In un altro articolo della "rosea":

Campione d'Italia senza vedere il campo. Strano il destino di Mazzola: figlio di Valentino, fratello di Sandro, solo per pochi Ferruccio. Strano, ma anche sfortunato, perché la Lazio del '74 era troppo forte e troppo completa. "Ci fossero state tre sostituzioni a partita, avrebbe giocato e neanche poco — ricorda Felice Pulici —. Si poteva cambiare il portiere e un solo giocatore, ma quella stagione sembravamo fatti tutti di ferro: solo Re Cecconi si infortunò, ed entrò Inselvini. Ferruccio era nella mia stessa parte di spogliatoio, uno che faceva gruppo. In campo era rapido, e anche tecnicamente bravo.
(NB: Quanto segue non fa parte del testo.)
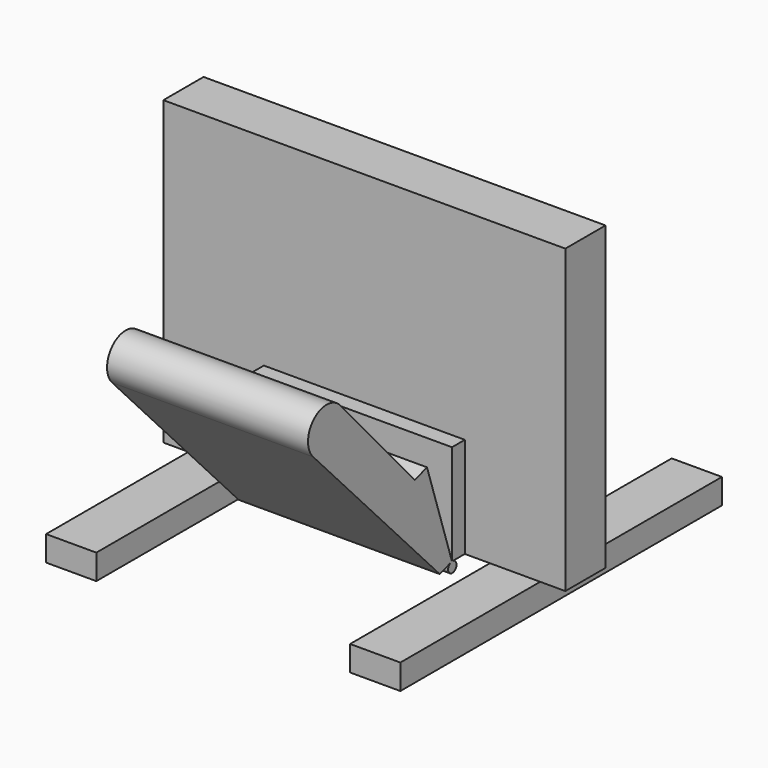
from build123d import *

# Parameters (mm, degrees)
F0_W      = 101.6
F0_H      = 76.2
F1_DEPTH  = 12.7
F2_W      = 50.8
F2_H      = 25.4
F3_DEPTH  = 4.064
F5_DEPTH  = 50.8
F7_DEPTH  = 50.8
F9_DEPTH  = 50.8
F10_W     = 12.7
F10_H     = 101.6
F11_DEPTH = 6.35
F12_W     = 12.7
F12_H     = 101.6
F13_DEPTH = 6.35


with BuildPart() as f1:
    # F0 (on Front) → F1 (new body)
    with BuildSketch(Plane.XZ):
        with Locations((50.8, 38.1)):
            Rectangle(F0_W, F0_H)
    extrude(amount=F1_DEPTH)

    # F2 (on face) → F3 (join)
    with BuildSketch(Plane.XZ.offset(12.7)):
        with Locations((50.8, 12.7)):
            Rectangle(F2_W, F2_H)
    extrude(amount=F3_DEPTH)

    # F4 (on face) → F5 (join)
    with BuildSketch(Plane.YZ.offset(76.2)):
        Polygon((-20.6267049946, -1.2631730384), (-16.764, 0), (-24.6588314903, 24.1419062159), (-28.5215364849, 22.8787331775), align=None)
    extrude(amount=-F5_DEPTH)

    # F6 (on face) → F7 (join)
    with BuildSketch(Plane.YZ.offset(76.2)):
        with BuildLine():
            Line((-16.5507770221, 0), (-16.764, 0))
            ThreePointArc((-16.764, 0), (-17.5513062441, -2.2836680049), (-15.3387688414, -1.31430279))
            ThreePointArc((-15.3387688414, -1.31430279), (-15.6880232962, -0.4203850569), (-16.5507770221, 0))
        make_face()
        with BuildLine():
            ThreePointArc((-16.5507770221, 0), (-16.6573885111, 0.0043168797), (-16.764, 0))
            Line((-16.764, 0), (-16.5507770221, 0))
        make_face()
    extrude(amount=-F7_DEPTH)

    # F8 (on face) → F9 (join)
    with BuildSketch(Plane.YZ.offset(76.2)):
        with BuildLine():
            Line((-20.6267049946, -1.2631730384), (-28.5215364849, 22.8787331775))
            Line((-28.5215364849, 22.8787331775), (-52.1061010659, 49.1076633334))
            ThreePointArc((-52.1061010659, 49.1076633334), (-60.3932888084, 49.3824101727), (-60.6419928372, 41.0943999887))
            Line((-60.6419928372, 41.0943999887), (-20.6267049946, -1.2631730384))
        make_face()
    extrude(amount=-F9_DEPTH)

    # F10 (on face) → F11 (join)
    with BuildSketch(Plane(origin=(0, 0, 0), x_dir=(1, 0, 0), z_dir=(0, 0, -1))):
        with Locations((88.9, 6.0887979344)):
            Rectangle(F10_W, F10_H)
    extrude(amount=F11_DEPTH)

    # F12 (on face) → F13 (join)
    with BuildSketch(Plane(origin=(0, 0, 0), x_dir=(1, 0, 0), z_dir=(0, 0, -1))):
        with Locations((12.7, 6.8910890259)):
            Rectangle(F12_W, F12_H)
    extrude(amount=F13_DEPTH)


solid = f1.part

Come il fratello, ma alto la metà". Fin qui il Mazzola calciatore: poi c'è il Mazzola pentito, quello delle accuse di doping a Helenio Herrera, ma anche all'Inter, alla Fiorentina, alla Roma e alla Lazio, dove raccontò di aver fatto uso di Villescon per migliorare le prestazioni. "Se ha fatto nomi e cognomi, ha avuto coraggio e questa cosa va apprezzata — dice Pulici —. Se si arriva a queste accuse, un fondo di verità c'è. Tante volte, però, pur di evidenziare un momento o una situazione come questa, si va oltre. Partendo da qualcosa di vero, il fatto viene un po' ingigantito. Purtroppo, e non è successo solo a Ferruccio, quando viene a mancare quella popolarità che si ha durante la carriera, si fa di tutto per tornare alla ribalta. In questo senso, tante società commettono l'errore di dimenticare i propri ex giocatori: dandogli anche dei minimi incarichi, permetterebbero loro di rimanere nel giro". Mazzola, dopo aver smesso anche di allenare ne ha avuti alla Borghesiana, al Treviso e in un'associazione per il recupero degli adolescenti disagiati, ma non è bastato.